PUBMED FOR HANDHELDS

Search MEDLINE/PubMed


  • Title: Split liver transplantation for acute Wilson's disease: new option for urgent recipient?
    Author: Andorno E, Miggino M, Panaro F, Morelli N, Bottino G, Casaccia M, Jarzembowski TM, Valente U.
    Journal: Hepatogastroenterology; 2007; 54(77):1567-9. PubMed ID: 17708301.
    Abstract:
    Wilson's disease is a rare metabolic disorder that may lead to fulminant hepatitis and subsequent liver failure. Herein, we present a case of split liver transplantation performed on a patient with acute Wilson's disease. A 27-year-old female with acute presentation of Wilson's disease and advanced neurological impairment, received a Right Split liver Graft (Segments: IV, V, VI, VII and VIII) transplant. The graft was obtained by an in situ splitting technique. The graft implantation was performed in a standard fashion. No acute rejection episodes of the organ occurred. The postoperative course was uneventful. The graft function, ceruloplasmine level and copper levels progressively normalized. The patient totally recovered from neurological symptoms and the Kayser-Fleischer rings disappeared within one month.
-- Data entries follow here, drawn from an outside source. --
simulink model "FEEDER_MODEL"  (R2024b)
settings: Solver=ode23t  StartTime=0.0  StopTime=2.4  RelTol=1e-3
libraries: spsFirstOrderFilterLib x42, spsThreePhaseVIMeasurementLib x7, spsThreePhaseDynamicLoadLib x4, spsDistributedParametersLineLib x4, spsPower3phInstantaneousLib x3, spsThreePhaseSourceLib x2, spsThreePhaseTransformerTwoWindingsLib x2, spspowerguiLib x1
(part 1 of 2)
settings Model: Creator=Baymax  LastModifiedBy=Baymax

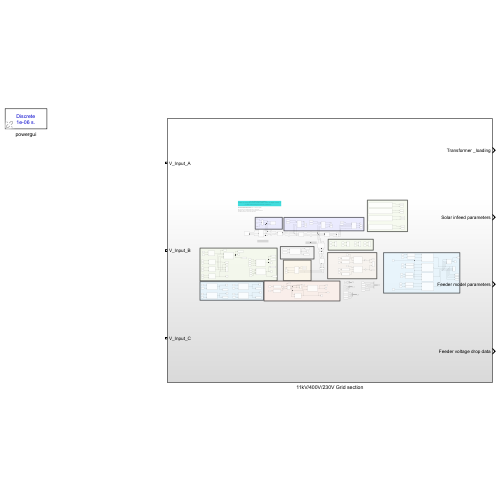
[thumbnail: Simulink's stored preview of the top-level diagram]
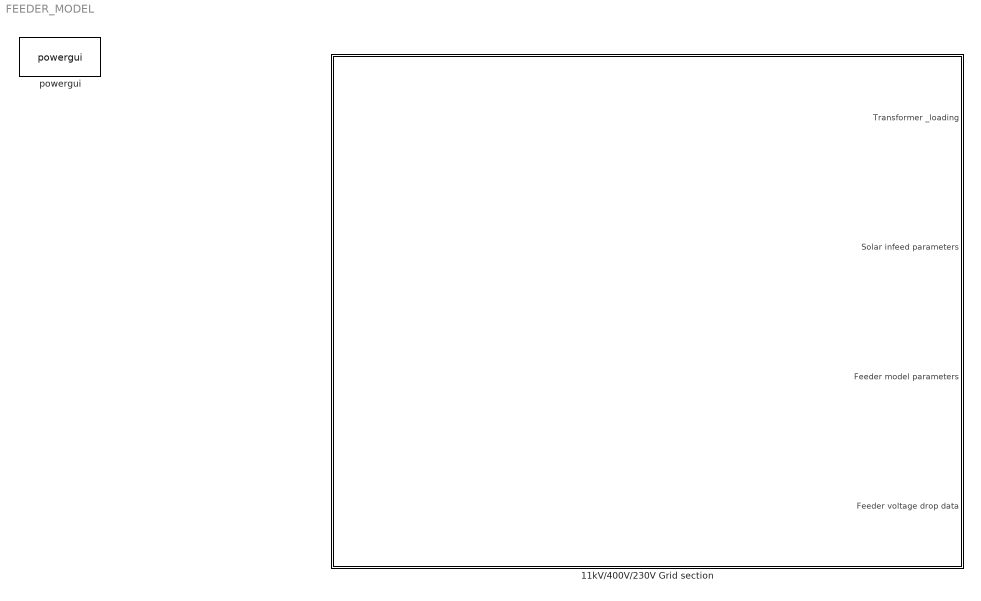
== system FEEDER_MODEL ==
  11kV/400V/230V Grid section : Subsystem
  powergui : spspowerguiLib/powergui  Priority=1  SimulationMode=Discrete  SampleTime=1e-6  frequency=60  Iterations=50  frequencyindice=50  Pbase=100e6  ErrMax=1e-4  UnitsV=kV  UnitsW=kW  buscounter=0  FunctionMessages=off  echomessages=off  EnableUseOfTLC=off  CurrentSourceSwitches=off  DisableSnubberDevices=off  DisableRonSwitches=off  DisableVfSwitches=off  DisplayEquations=off  AutomaticDiscreteSolvers=off  SolverType=Tustin/Backward Euler (TBE)  Interpol=off  ExternalGateDelay=off  methode=off  Ts=100  x0status=blocks  SPID=on  SwTol=0  HookPort=off  NonlinearTolerance=1e-4  nMaxIteration=100  ContinueOnMaxIteration=off  RestoreLinks=warning  ResistiveCurrentMeasurement=off  Frange=[0:2:500]  Ylog=off  Xlog=on  ShowGrid=off  save=off  variable=ZData  structure=0  ZoomFFT=off  StartTime=0.0  cycles=1  DisplayStyle=1  fundamental=60  FreqAxis=off  MaxFrequency=1000  frequencyindicesteady=1  RmsSteady=1  display=off

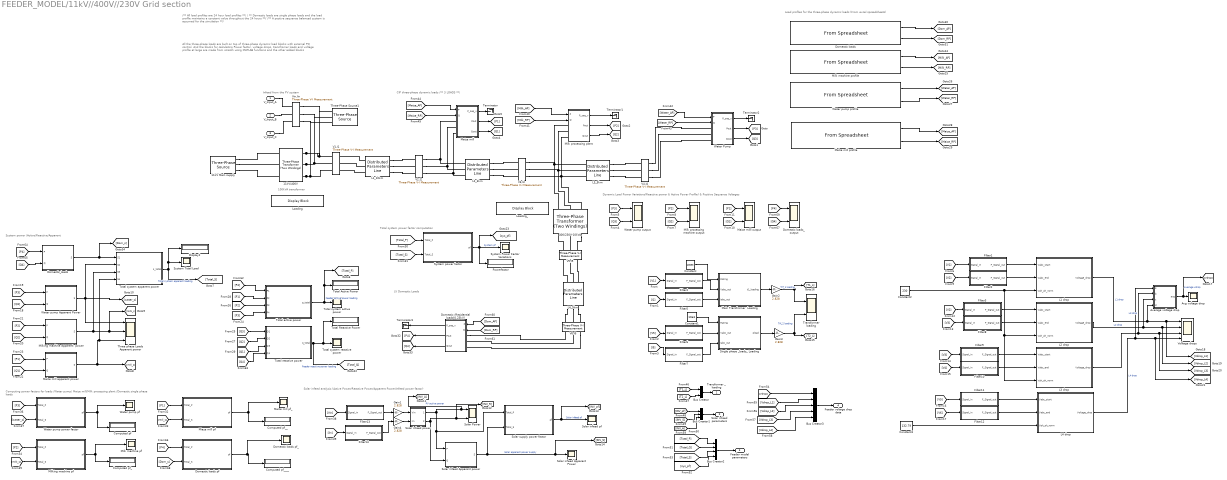
== system FEEDER_MODEL/11kV//400V//230V Grid section ==
  note: 100kVA transformer
  note: All the three-phase loads are built on top of three-phase dynamic load blocks with external PQ control.
      |
      | And the blocks for calculating Power factor, voltage drops, transfromer loads and voltage profile at large are made from scratch using MATLAB functions and the other added blocks
  note: LV Domestic Loads
  note: CIP three-phase dynamic loads /** 3 LOADS **/
  note: Solar infeed analysis (Active Power/Reactive Power/Apparent Power/Infeed power factor)
  note: Dynamic Load Power Variations(Reactive power & Active Power Profile) & Positive Sequence Voltages
  note: Computing power factors for loads /Water pump/ Maize mill/Milk processing plant /Domestic single phase loads
  note: System power /Acitve/Reactive/Apparent
  note: /** All load profiles are 24 hour load profiles **/
      |
      | / ** Domestic loads are single phase loads and the load profile maintains a constant value throughout the 24 hours **/
      |
      | /** A postive sequence balanced system is assumed for the simulation **/
  note: Load profiles for the three-phase dynamic loads (From excel spreadsheets)
  note: Total system power factor computation
  note: Infeed from the PV system
  11kV Main supply : spsThreePhaseSourceLib/Three-Phase Source  InternalConnection=Yg  VoltagePhases=off  Voltage=11e3  PhaseAngle=0  Voltage_phases=[25e3 25e3 25e3]/sqrt(3)  PhaseAngles_phases=[0 -120 +120]  Frequency=50  NonIdealSource=on  SpecifyImpedance=off  Resistance=0.8929  Inductance=16.58e-3  ShortCircuitLevel=100e6  BaseVoltage=25e3  XRratio=7  BusType=swing  Pref=10e3  Qref=0  Prefabc=[10e3, 10e3, 10e3]  Qrefabc=[0, 0, 0]  Qmin=-inf  Qmax=inf
  "11kV/400V " : spsThreePhaseTransformerTwoWindingsLib/Three-Phase Transformer (Two Windings)  Winding1Connection=Yg  Winding2Connection=Yg  CoreType=Three single-phase transformers  SetSaturation=off  Hysteresis=off  DataFile='hysteresis'  SetInitialFlux=off  Measurements=None  UNITS=pu  NominalPower=[ 100e3 , 50 ]  Winding1=[ 11e3 , 0.002 , 0.08 ]  Winding2=[ 400 , 0.002 , 0.08 ]  Rm=500  Lm=500  L0=0.5  Saturation=[ 0,0 ; 0.0024,1.2 ; 1.0,1.52 ]  InitialFluxes=[ 0.8 , -0.8 , 0.7 ]  BreakLoop=off  DiscreteSolver=Trapezoidal iterative  DataType=off  TransfoNumber=1
  "400/230V-10kVA " : spsThreePhaseTransformerTwoWindingsLib/Three-Phase Transformer (Two Windings)  Winding1Connection=Yg  Winding2Connection=Yg  CoreType=Three single-phase transformers  SetSaturation=off  Hysteresis=off  DataFile='hysteresis'  SetInitialFlux=off  Measurements=None  UNITS=pu  NominalPower=[ 10e3 , 50 ]  Winding1=[ 400 , 0.002 , 0.08 ]  Winding2=[ 230 , 0.002 , 0.08 ]  Rm=500  Lm=500  L0=0.5  Saturation=[ 0,0 ; 0.0024,1.2 ; 1.0,1.52 ]  InitialFluxes=[ 0.8 , -0.8 , 0.7 ]  BreakLoop=off  DiscreteSolver=Trapezoidal iterative  DataType=off  TransfoNumber=1
  Average voltage drop : MATLAB Function  TreatAsAtomicUnit=on
  Avg voltage drop : Scope
  Bus Creator : BusCreator  Inputs=2
  Bus Creator1 : BusCreator  Inputs=3
  Bus Creator2 : BusCreator  Inputs=4
  Bus Creator3 : BusCreator  Inputs=5
  Computed pf : Display
  Computed pf_ : Display
  Computed pf__ : Display
  Computed pf____ : Display
  Constant : Constant  Value=100e3
  Constant1 : Constant  Value=10e3
  Constant2 : Constant  Value=230
  Constant3 : Constant  Value=132.79
  Display2 : Display
  Domestic /Residential loads(0.23kV) : Subsystem
  Domestic loads : FromSpreadsheet  FileName=C:\Users\Baymax\Desktop\Mr.Usamah\Profiles\granular\h_pf\Domestic_loads.xlsx  SheetName=profile  Range=A2:C2002
  Domestic loads pf : MATLAB Function  TreatAsAtomicUnit=on
  Domestic loads pf_ : Scope
  Domestic loads_output : Scope  NumInputPorts=2
  Domestic_loads : MATLAB Function  TreatAsAtomicUnit=on
  Filter1 : Subsystem
  Filter10 : Subsystem
  Filter11 : Subsystem
  Filter12 : Subsystem
  Filter13 : Subsystem
  Filter14 : Subsystem
  Filter2 : Subsystem
  Filter3 : Subsystem
  Filter4 : Subsystem
  Filter5 : Subsystem
  Filter6 : Subsystem
  Filter7 : Subsystem
  Filter8 : Subsystem
  Filter9 : Subsystem
  Gain{1..4} (4 alike) : Gain  Gain=2.828
  L1 drop : Subsystem
  L1_10km : spsDistributedParametersLineLib/Distributed Parameters Line  Phases=3  Length=10  Frequency=50  Resistance=[0.01273 0.3864]  Inductance="[0.9337e-3  4.1264e-3]"  Capacitance=[12.74e-9 7.751e-9]  x1=[-5.7e-05 -1.52676771420257e-15 0 0;-5.6e-05 -1.49998510389932e-15 0 0;-5.5e-05 -1.47320234555348e-15 0 0;-5.4e-05 -1.44641944180839e-15 0 0;-5.3e-05 -1.41963639530743e-15 0 0;-5.2e-05 -1.39285320869397e-15 0 0;-5.1e-05 -1.36606988461142e-15 0 0;-5e-05 -1.33928642570317e-15 0 0;-4.9e-05 -1.31250283461264e-15 0 0;-4.8e-05 -1.28571911398329e-15 0 0;-4.7e-05 -1.25893526645854e-15 0 0;-4.6e-05 -1.23215129468186e-15 0 0;-4.5e-05 -1.20536720129673e-15 0 0;-4.4e-05 -1.17858298894662e-15 0 0;-4.3e-05 -1.15179866027504e-15 0 0;-4.2e-05 -1.12501421792548e-15 0 0;-4.1e-05 -1.09822966454148e-15 0 0;-4e-05 -1.07144500276655e-15 0 0;-3.9e-05 -1.04466023524424e-15 0 0;-3.8e-05 -1.01787536461809e-15 0 0;-3.7e-05 -9.91090393531678e-16 0 0;-3.6e-05 -9.64305324628563e-16 0 0;-3.5e-05 -9.37520160552329e-16 196.179007943669 -348.588291315468;-3.4e-05 -9.10734903946564e-16 196.288510502334 -348.526642661325;-3.3e-05 -8.83949557454868e-16 196.3979936881 -348.464959608981;-3.2e-05 -8.57164123720848e-16 196.507457490161 -348.403242164525;-3.1e-05 -8.30378605388121e-16 196.616901897713 -348.341490334047;-3e-05 -8.03593005100311e-16 196.726326899956 -348.279704123642;-2.9e-05 -7.76807325501051e-16 196.835732486088 -348.217883539409;-2.8e-05 -7.50021569233982e-16 196.945118645312 -348.156028587448;-2.7e-05 -7.23235738942752e-16 197.054485366832 -348.094139273865;-2.6e-05 -6.96449837271016e-16 197.163832639854 -348.032215604768;-2.5e-05 -6.69663866862436e-16 197.273160453586 -347.970257586268;-2.4e-05 -6.42877830360683e-16 197.382468797238 -347.90826522448;-2.3e-05 -6.16091730409431e-16 197.491757660021 -347.846238525524;-2.2e-05 -5.89305569652364e-16 197.601027031149 -347.78417749552;-2.1e-05 -5.62519350733168e-16 197.710276899837 -347.722082140594;-2e-05 -5.35733076295539e-16 197.819507255304 -347.659952466874;-1.9e-05 -5.08946748983174e-16 197.928718086768 -347.597788480492;-1.8e-05 -4.82160371439779e-16 198.03790938345 -347.535590187584;-1.7e-05 -4.55373946309064e-16 198.147081134575 -347.473357594289;-1.6e-05 -4.28587476234741e-16 198.256233329366 -347.411090706748;-1.5e-05 -4.01800963860531e-16 198.365365957052 -347.348789531107;-1.4e-05 -3.75014411830155e-16 198.474479006861 -347.286454073514;-1.3e-05 -3.48227822787341e-16 198.583572468024 -347.224084340123;-1.2e-05 -3.21441199375819e-16 198.692646329775 -347.161680337089;-1.1e-05 -2.94654544239322e-16 198.801700581347 -347.09924207057;-1e-05 -2.67867860021587e-16 198.910735211978 -347.03676954673;-9e-06 -2.41081149366355e-16 199.019750210907 -346.974262771734;-8e-06 -2.14294414917367e-16 199.128745567374 -346.911721751751;-7e-06 -1.87507659318368e-16 199.237721270622 -346.849146492953;-6e-06 -1.60720885213105e-16 199.346677309894 -346.786537001518;-5e-06 -1.33934095245327e-16 199.455613674439 -346.723893283623;-4e-06 -1.07147292058783e-16 199.564530353504 -346.661215345452;-3e-06 -8.03604782972257e-17 199.673427336339 -346.59850319319;-2e-06 -5.35736566044071e-17 199.782304612197 -346.535756833028;-1e-06 -2.67868296240806e-17 199.891162170332 -346.472976271158]  x2=[-5.7e-05 1.81428834656405e-11 0 0;-5.6e-05 1.81372759049777e-11 0 0;-5.5e-05 1.81316665542375e-11 0 0;-5.4e-05 1.81260554139736e-11 0 0;-5.3e-05 1.81204424847397e-11 0 0;-5.2e-05 1.81148277670899e-11 0 0;-5.1e-05 1.81092112615782e-11 0 0;-5e-05 1.81035929687591e-11 0 0;-4.9e-05 1.80979728891869e-11 0 0;-4.8e-05 1.80923510234165e-11 0 0;-4.7e-05 1.80867273720025e-11 0 0;-4.6e-05 1.80811019355002e-11 0 0;-4.5e-05 1.80754747144646e-11 0 0;-4.4e-05 1.80698457094512e-11 0 0;-4.3e-05 1.80642149210156e-11 0 0;-4.2e-05 1.80585823497133e-11 0 0;-4.1e-05 1.80529479961005e-11 0 0;-4e-05 1.80473118607331e-11 0 0;-3.9e-05 1.80416739441675e-11 0 0;-3.8e-05 1.803603424696e-11 0 0;-3.7e-05 1.80303927696673e-11 0 0;-3.6e-05 1.80247495128462e-11 0 0;-3.5e-05 1.80191044770537e-11 100.365229967348 -319.80964811604;-3.4e-05 1.80134576628468e-11 100.465696176977 -319.778101667671;-3.3e-05 1.80078090707829e-11 100.566152471039 -319.746523658469;-3.2e-05 1.80021587014195e-11 100.66659883962 -319.71491409155;-3.1e-05 1.79965065553143e-11 100.767035272805 -319.683272970034;-3e-05 1.79908526330251e-11 100.867461760683 -319.651600297044;-2.9e-05 1.798519693511e-11 100.967878293342 -319.619896075706;-2.8e-05 1.7979539462127e-11 101.06828486087 -319.588160309149;-2.7e-05 1.79738802146347e-11 101.168681453359 -319.556393000505;-2.6e-05 1.79682191931915e-11 101.269068060899 -319.524594152909;-2.5e-05 1.79625563983561e-11 101.369444673583 -319.4927637695;-2.4e-05 1.79568918306875e-11 101.469811281504 -319.46090185342;-2.3e-05 1.79512254907448e-11 101.570167874756 -319.429008407812;-2.2e-05 1.79455573790871e-11 101.670514443434 -319.397083435826;-2.1e-05 1.79398874962739e-11 101.770850977634 -319.365126940611;-2e-05 1.79342158428648e-11 101.871177467455 -319.333138925321;-1.9e-05 1.79285424194196e-11 101.971493902993 -319.301119393115;-1.8e-05 1.79228672264981e-11 102.071800274348 -319.269068347151;-1.7e-05 1.79171902646606e-11 102.172096571621 -319.236985790593;-1.6e-05 1.79115115344673e-11 102.272382784912 -319.204871726609;-1.5e-05 1.79058310364787e-11 102.372658904323 -319.172726158366;-1.4e-05 1.79001487712554e-11 102.472924919958 -319.140549089038;-1.3e-05 1.78944647393583e-11 102.573180821921 -319.108340521801;-1.2e-05 1.78887789413483e-11 102.673426600316 -319.076100459833;-1.1e-05 1.78830913777865e-11 102.773662245251 -319.043828906317;-1e-05 1.78774020492345e-11 102.873887746832 -319.011525864437;-9e-06 1.78717109562536e-11 102.974103095167 -318.979191337382;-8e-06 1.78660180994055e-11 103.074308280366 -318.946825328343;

At 13 months of follow-up, the patient presented with no symptoms and in good condition. The current literature reports high preoperative mortality rate in patients that underwent partial liver graft for acute hepatic failure. However, our experience indicates that in situ split technique of liver may be a feasible and effective alternative to whole graft transplantation in urgent cases. Moreover, to our knowledge, this is the first successfully case of in situ split liver transplantation for acute Wilson's disease described in literature.